Cursing and re-cursing!

So last night, tired of writing a new Python function whenever I wanted to write a new recurrence test question, I wrote a recurrence harness. It turns a handful of basic lines of code into two, but more importantly, because I can re-use the harness it is worth spending the time to write proper error checking and to memoize it.
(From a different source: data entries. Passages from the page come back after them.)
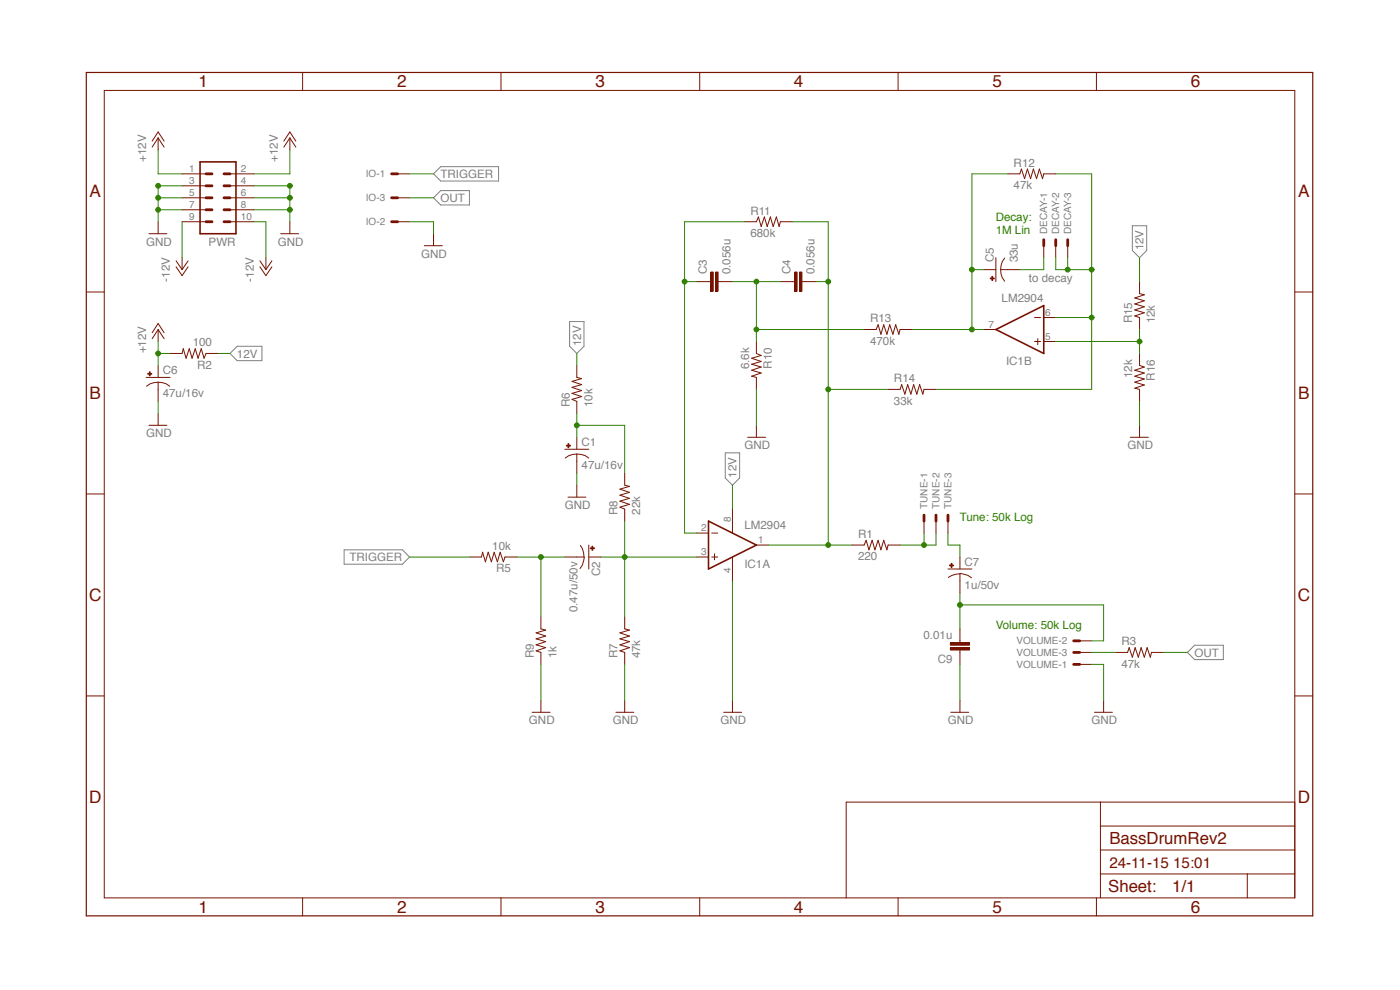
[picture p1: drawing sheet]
<svg xmlns="http://www.w3.org/2000/svg" width="297mm" height="210mm" viewBox="0 0 297 210" stroke-linecap="round" stroke-linejoin="round" font-family="sans-serif">
<path d="M93.5 35.4h12.3v3h-12.3l-1.5-1.5zM92 42l1.5-1.6h6.1v3.1h-6.1zM240.2 47.9h3.1v5.2l-1.6 1.6-1.5-1.6zM48.8 75l1.5-1.5h5.3v3h-5.3zM120.8 68.2h3.1v5.3l-1.5 1.5-1.6-1.5zM153.9 96.1h3v5.3l-1.5 1.5-1.5-1.5zM73 116.6h12.4l1.5 1.6-1.5 1.5h-12.4zM251.9 138.4l1.5-1.5h6.1v3h-6.1z" fill="none" stroke="#808080" stroke-width=".21"/>
<path d="M211.3 69.9l10.1-5.1v10.2zM150.3 110.5l10.2 5.1-10.2 5.1z" fill="none" stroke="#761200" stroke-width=".34"/>
<g fill="none" stroke="#761200" stroke-width=".21">
<path d="M122.4 77.5v2.6l1 .2-2.1 .6 2.1 .7-2.1 .6 2.1 .7-2.1 .5 2.1 .7-2.1 .6 1.1 .4v2.6M208.7 69.9h2.6M219.5 72.4h1.2M219.5 67.4h1.2M220.2 71.8v1.3M221.4 72.4h2.6M221.4 67.4h2.6M119.8 95.3h5.1M122.4 96.3l1.7 .4 .8 .5M122.4 96.3l-1.7 .4-.8 .5M122.4 96.3v1.5M99.6 118.2h2.5l.3-1.1 .6 2.1 .6-2.1 .6 2.1 .6-2.1 .7 2.1 .6-2.1 .7 2.1 .3-1h2.6"/>
<path d="M132.5 100.4v2.5l1 .3-2 .6 2 .6-2 .6 2 .7-2 .6 2 .7-2 .6 1 .4v2.5M147.8 118.2h2.5M147.8 113.1h2.5M151 118.2h1.3M151 113.1h1.3M151.6 117.5v1.3M160.5 115.6h2.5M114.7 130.9v2.5l1.1 .3-2.1 .5 2.1 .7-2.1 .6 2.1 .6-2.1 .7 2.1 .6-2.1 .7 1 .3v2.5M132.5 130.9v2.5l1 .3-2 .5 2 .7-2 .6 2 .6-2 .7 2 .6-2 .7 1 .3v2.5"/>
</g>
<path d="M120.1 94.4h.9v.2h-.9z" fill="#761200"/>
<path d="M120.2 94.5h.8v.1h-.8z" fill="none" stroke="#761200" stroke-width=".21"/>
<path d="M120.5 94.1h.1v.8h-.1z" fill="#761200"/>
<path d="M120.5 94.1h.2v.9h-.2zM122.4 92.8v2.5M122.4 97.8v2.6M123.1 115.7l.4 .7 .4 1.8h-1.5M124 118.2l-.5 1.7-.5 .7M124.9 115.6v5.1" fill="none" stroke="#761200" stroke-width=".21"/>
<path d="M125.6 115.9h.1v.8h-.1z" fill="#761200"/>
<path d="M125.6 115.9h.2v.8h-.2z" fill="none" stroke="#761200" stroke-width=".21"/>
<path d="M125.2 116.2h.9v.2h-.9z" fill="#761200"/>
<path d="M150.3 59.7h.5M152.3 59.7h.5M119.8 118.2h2.6M120.5 105.5h3.8M122.4 102.9v2.6M124.9 118.2h2.5M125.2 116.2h.9v.2h-.9zM112.9 151.1h3.8M114.7 148.6v2.5M130.7 151.1h3.8M132.5 148.6v2.5" fill="none" stroke="#761200" stroke-width=".21"/>
<path d="M151.8 57.7h.5v4h-.5z" fill="#761200"/>
<path d="M151.8 57.7h.5v4.1h-.5z" fill="none" stroke="#761200" stroke-width=".21"/>
<path d="M150.8 57.7h.5v4h-.5z" fill="#761200"/>
<path d="M147.8 59.7h2.5M150.8 57.7h.5v4.1h-.5zM152.8 59.7h2.6M168.1 59.7h.5M170.1 59.7h.5" fill="none" stroke="#761200" stroke-width=".21"/>
<path d="M169.6 57.7h.5v4h-.5z" fill="#761200"/>
<path d="M169.6 57.7h.5v4.1h-.5z" fill="none" stroke="#761200" stroke-width=".21"/>
<path d="M168.6 57.7h.5v4h-.5z" fill="#761200"/>
<path d="M157.9 47h2.6l.4-1 .6 2.1 .7-2.1 .6 2.1 .6-2.1 .6 2.1 .7-2.1 .6 2.1 .2-1.1h2.6M165.5 59.7h2.6M168.6 57.7h.5v4.1h-.5zM170.6 59.7h2.6M160.5 72.4v2.6l1 .4-2.1 .6 2.1 .7-2.1 .6 2.1 .6-2.1 .6 2.1 .6-2.1 .7 1.1 .3v2.5M158.6 92.8h3.8M160.5 90.2v2.6M201.1 120.7h5.1M201.2 122.5l.8-.4 1.6-.4v1.5M203.6 121.6l1.7 .5 .8 .5" fill="none" stroke="#761200" stroke-width=".21"/>
<path d="M201.4 119.8h.9v.2h-.9z" fill="#761200"/>
<path d="M201.4 119.9h.9v.1h-.9z" fill="none" stroke="#761200" stroke-width=".21"/>
<path d="M201.8 119.5h.1v.8h-.1z" fill="#761200"/>
<path d="M201.8 119.5h.2v.9h-.2zM203.6 118.2v2.5M203.6 123.2v2.6M203.6 135.9v.5M203.6 137.9v.5" fill="none" stroke="#761200" stroke-width=".21"/>
<path d="M201.6 136.3h4.1v.5h-4.1z" fill="#761200"/>
<path d="M201.6 136.4h4.1v.5h-4.1z" fill="none" stroke="#761200" stroke-width=".21"/>
<path d="M201.6 137.4h4.1v.5h-4.1z" fill="#761200"/>
<g fill="none" stroke="#761200" stroke-width=".21">
<path d="M32.3 29.9l1.2-1.9 1.3 1.9M33.5 29.3v2.5M33.5 29.3l1.3 1.9M33.5 29.3l-1.2 1.9M38.6 36.9h5.1M38.6 39.4h5.1M48.8 36.9h5.1M48.8 39.4h5.1M60.2 29.9l1.3-1.9 1.3 1.9M61.5 29.3v2.5M61.5 29.3l1.3 1.9M61.5 29.3l-1.3 1.9"/>
<path d="M213.8 36.9h2.5l.4-1 .7 2 .6-2 .6 2 .6-2 .7 2 .6-2 .7 2 .2-1h2.6M31.6 49.6h3.8M33.5 47v2.6M37.4 55.3l1.2 1.9M37.4 56.6l1.2 1.9 1.3-1.9M38.6 42h5.1M38.6 44.5h5.1M38.6 47h5.1M38.6 54.7v2.5M39.9 55.3l-1.3 1.9M48.8 42h5.1M48.8 44.5h5.1"/>
<path d="M48.8 47h5.1M55.1 55.3l1.3 1.9M55.1 56.6l1.3 1.9 1.3-1.9M56.4 54.7v2.5M57.7 55.3l-1.3 1.9M59.5 49.6h3.9M61.5 47v2.6M90 52.1h3.8M92 49.6v2.5M211.3 54.7v5M212.3 57.2l.3 1.7 .5 .8M212.3 57.2h1.5"/>
<path d="M213.1 54.7l-.5 .8-.3 1.7M155.4 108v5.1M155.4 118.2v5M196 110.5v2.6M198.6 110.5v2.6M201.1 110.5v2.6M201.6 137.4h4.1v.5h-4.1zM203.6 133.4v2.5M203.6 138.4v2.5M229 135.9h2.6M229 138.4h2.6M153.5 151.1h3.8"/>
<path d="M155.4 148.6v2.5M201.7 151.1h3.8M203.6 148.6v2.5M229 140.9h2.6M232.2 151.1h3.8M234.1 148.6v2.5"/>
</g>
<path d="M42.4 34.3h7.7v15.3h-7.7z" fill="none" stroke="#761200" stroke-width=".34"/>
<g fill="none" stroke="#761200" stroke-width=".59">
<path d="M43.7 39.4h1.3M43.7 36.9h1.3M47.5 39.4h1.3M47.5 36.9h1.3M43.7 47h1.3M43.7 44.5h1.3M43.7 42h1.3M47.5 47h1.3M47.5 44.5h1.3M47.5 42h1.3M196 109.3v1.2M198.6 109.3v1.2"/>
<path d="M201.1 109.3v1.2M227.8 135.9h1.2M227.8 138.4h1.2M227.8 140.9h1.2"/>
</g>
<path d="M210.4 58.6h.2v.9h-.2z" fill="#761200"/>
<path d="M210.4 58.6h.2v.9h-.2z" fill="none" stroke="#761200" stroke-width=".21"/>
<path d="M210.1 59h.8v.1h-.8z" fill="#761200"/>
<g fill="none" stroke="#761200" stroke-width=".21">
<path d="M22.1 19.2h252.6v171.3h-252.6zM64.2 15.4v3.8M106.3 15.4v3.8M148.4 15.4v3.8M190.5 15.4v3.8M232.6 15.4v3.8M84.3 36.9h2.6M84.3 47h2.6M84.3 42h2.6M208.7 57.2h2.6M210.1 59h.8v.1h-.8zM213.8 57.2h2.5"/>
<path d="M221.4 52.1v2.6M224 52.1v2.6M226.5 52.1v2.6M241.7 59.7v2.6l1.1 .2-2.1 .7 2.1 .6-2.1 .7 2.1 .6-2.1 .6 2.1 .6-2.1 .7 1 .4v2.5M18.3 61.9h3.8M32.3 70.6l1.2-2 1.3 2M33.5 69.9l1.3 1.9M33.5 69.9l-1.2 1.9M33.5 69.9v2.5M183.3 69.9h2.6l.4-1 .6 2 .6-2 .7 2 .5-2 .7 2 .6-2 .7 2 .2-1h2.6M241.7 75v2.5l1.1 .4-2.1 .6 2.1 .6-2.1 .7 2.1 .6-2.1 .7 2.1 .6-2.1 .6 1 .3v2.5M274.7 61.9h3.8"/>
<path d="M31 80.1h5.1M31.6 90.2h3.8M33.5 81.1l1.7 .3 .8 .5M33.5 81.1l-1.6 .3-.8 .5M33.5 81.1v1.5M33.5 87.7v2.5M188.4 82.6h2.5l.4-1 .7 2 .6-2 .6 2 .6-2 .7 2 .6-2 .7 2 .2-1h2.6M239.8 92.8h3.8M241.7 90.2v2.6M18.3 104.8h3.8M180.8 115.6h2.5l.4-1 .6 2 .7-2 .6 2 .7-2 .6 2 .6-2 .7 2 .2-1h2.5M274.7 104.8h3.8"/>
<path d="M18.3 147.6h3.8M274.7 147.6h3.8M233.4 170.1v20.4M233.4 175.2h41.3M274.7 170.1h-95.2v20.4M64.2 190.5v3.8M106.3 190.5v3.8M148.4 190.5v3.8M190.5 190.5v3.8M232.6 190.5v3.8M233.4 185.4h41.3M233.4 180.3h41.3"/>
<path d="M264.6 185.4v5.1"/>
</g>
<path d="M83.1 36.9h1.2M83.1 47h1.2M83.1 42h1.2M221.4 50.8v1.3M224 50.8v1.3M226.5 50.8v1.3" fill="none" stroke="#761200" stroke-width=".59"/>
<path d="M18.3 15.4h260.2v178.9h-260.2z" fill="none" stroke="#761200" stroke-width=".25"/>
<path d="M31.3 79.2h.9v.2h-.9z" fill="#761200"/>
<path d="M31.3 79.2h.9v.2h-.9z" fill="none" stroke="#761200" stroke-width=".21"/>
<path d="M31.7 78.9h.1v.8h-.1z" fill="#761200"/>
<path d="M31.7 78.9h.2v.8h-.2zM33.5 77.5v2.6M36.1 75h2.5l.3-1 .6 2 .7-2 .5 2 .7-2 .6 2 .7-2 .6 2 .4-1h2.5M33.5 82.6v2.5M236.7 138.4h2.5l.3-1 .7 2 .6-2 .7 2 .6-2 .7 2 .6-2 .6 2 .3-1h2.5" fill="none" stroke="#761200" stroke-width=".21"/>
<path d="M53.9 39.4h7.6v7.6M53.9 44.5h7.6M53.9 42h7.6M122.4 100.4v2.5M155.4 123.2v25.4M114.7 140.9v7.7M132.5 140.9v7.7M203.6 140.9v7.7M231.6 140.9h2.5v7.7" fill="none" stroke="#308000" stroke-width=".21"/>
<circle cx="61.5" cy="44.5" r=".51" fill="#308000"/>
<circle cx="61.5" cy="44.5" r=".51" fill="none" stroke="#308000" stroke-width=".21"/>
<circle cx="61.5" cy="41.9" r=".51" fill="#308000"/>
<circle cx="61.5" cy="42" r=".51" fill="none" stroke="#308000" stroke-width=".21"/>
<circle cx="61.5" cy="39.4" r=".51" fill="#308000"/>
<g fill="none" stroke="#308000" stroke-width=".21">
<path d="M38.6 39.4h-5.1v7.6M33.5 42h5.1M33.5 44.5h5.1"/>
<circle cx="61.5" cy="39.4" r=".51"/>
</g>
<circle cx="33.5" cy="44.5" r=".51" fill="#308000"/>
<circle cx="33.5" cy="44.5" r=".51" fill="none" stroke="#308000" stroke-width=".21"/>
<circle cx="33.5" cy="41.9" r=".51" fill="#308000"/>
<circle cx="33.5" cy="42" r=".51" fill="none" stroke="#308000" stroke-width=".21"/>
<circle cx="33.5" cy="39.4" r=".51" fill="#308000"/>
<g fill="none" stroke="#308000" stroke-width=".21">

Here is the code.

Below here are some examples. Note that, because this is memoized, we get the 4000th Fibonacci number essentially instantly, while without memoization, the runtime increases faster than the Fibonacci sequence itself, so, even if we could do one recursive call per nanosecond, we would be looking at roughly 1.2 * 10819 years for the recursive version to finish... and that's a long time for students to wait for their final to be graded.



The 4000th Fibonacci number:
fibb = {0: 0, 1: 1}
def fibf(n, bases):
    return recur(n - 1, bases, fibf) + recur(n - 2, bases, fibf)

In [3]: recur(4000, fibb, fibf, True)
Out[3]: 39909473435004422792081248094960912600792570982820257852628876326523051818641373433549136769424132442293969306537520118273879628025443235370362250955435654171592897966790864814458223141914272590897468472180370639695334449662650312874735560926298246249404168309064214351044459077749425236777660809226095151852052781352975449482565838369809183771787439660825140502824343131911711296392457138867486593923544177893735428602238212249156564631452507658603400012003685322984838488962351492632577755354452904049241294565662519417235020049873873878602731379207893212335423484873469083054556329894167262818692599815209582517277965059068235543139459375028276851221435815957374273143824422909416395375178739268544368126894240979135322176080374780998010657710775625856041594078495411724236560242597759185543824798332467919613598667003025993715274875


# the value of an annuity with equal contributions each year
#  and interest compounded annually:
INT_RATE = .05
INITIAL = 1000     # redefine INITIAL to get different yearly amount
compb = {0: INITIAL}
def compf(n, bases):
    return compb[0] + recur(n - 1, bases, compf) * (1 + INT_RATE)



In [4]: recur(10, compb, compf, True)
Out[4]: 14206.787162326274

# an arbitrary recurrence:
arbb = {0: 1.01, 1: .98, 2: .88, 3: 1.1}
def arbf(n):
    return recur(n - 1, arbb, arbf) * recur(n - 4, arbb, arbf)

In [2]: recur(4, arbb, arbf, True)
Out[2]: 1.1110000000000002

In [3]: recur(5, arbb, arbf, True)
Out[3]: 1.08878

In [4]: recur(6, arbb, arbf, True)
Out[4]: 0.9581264

In [5]: recur(7, arbb, arbf, True)
Out[5]: 1.0539390400000002

In [6]: recur(8, arbb, arbf, True)
Out[6]: 1.1709262734400003

Comments

  1. I think you get an error if n = MAX_RECURS, so your test in the elif should be >= I think.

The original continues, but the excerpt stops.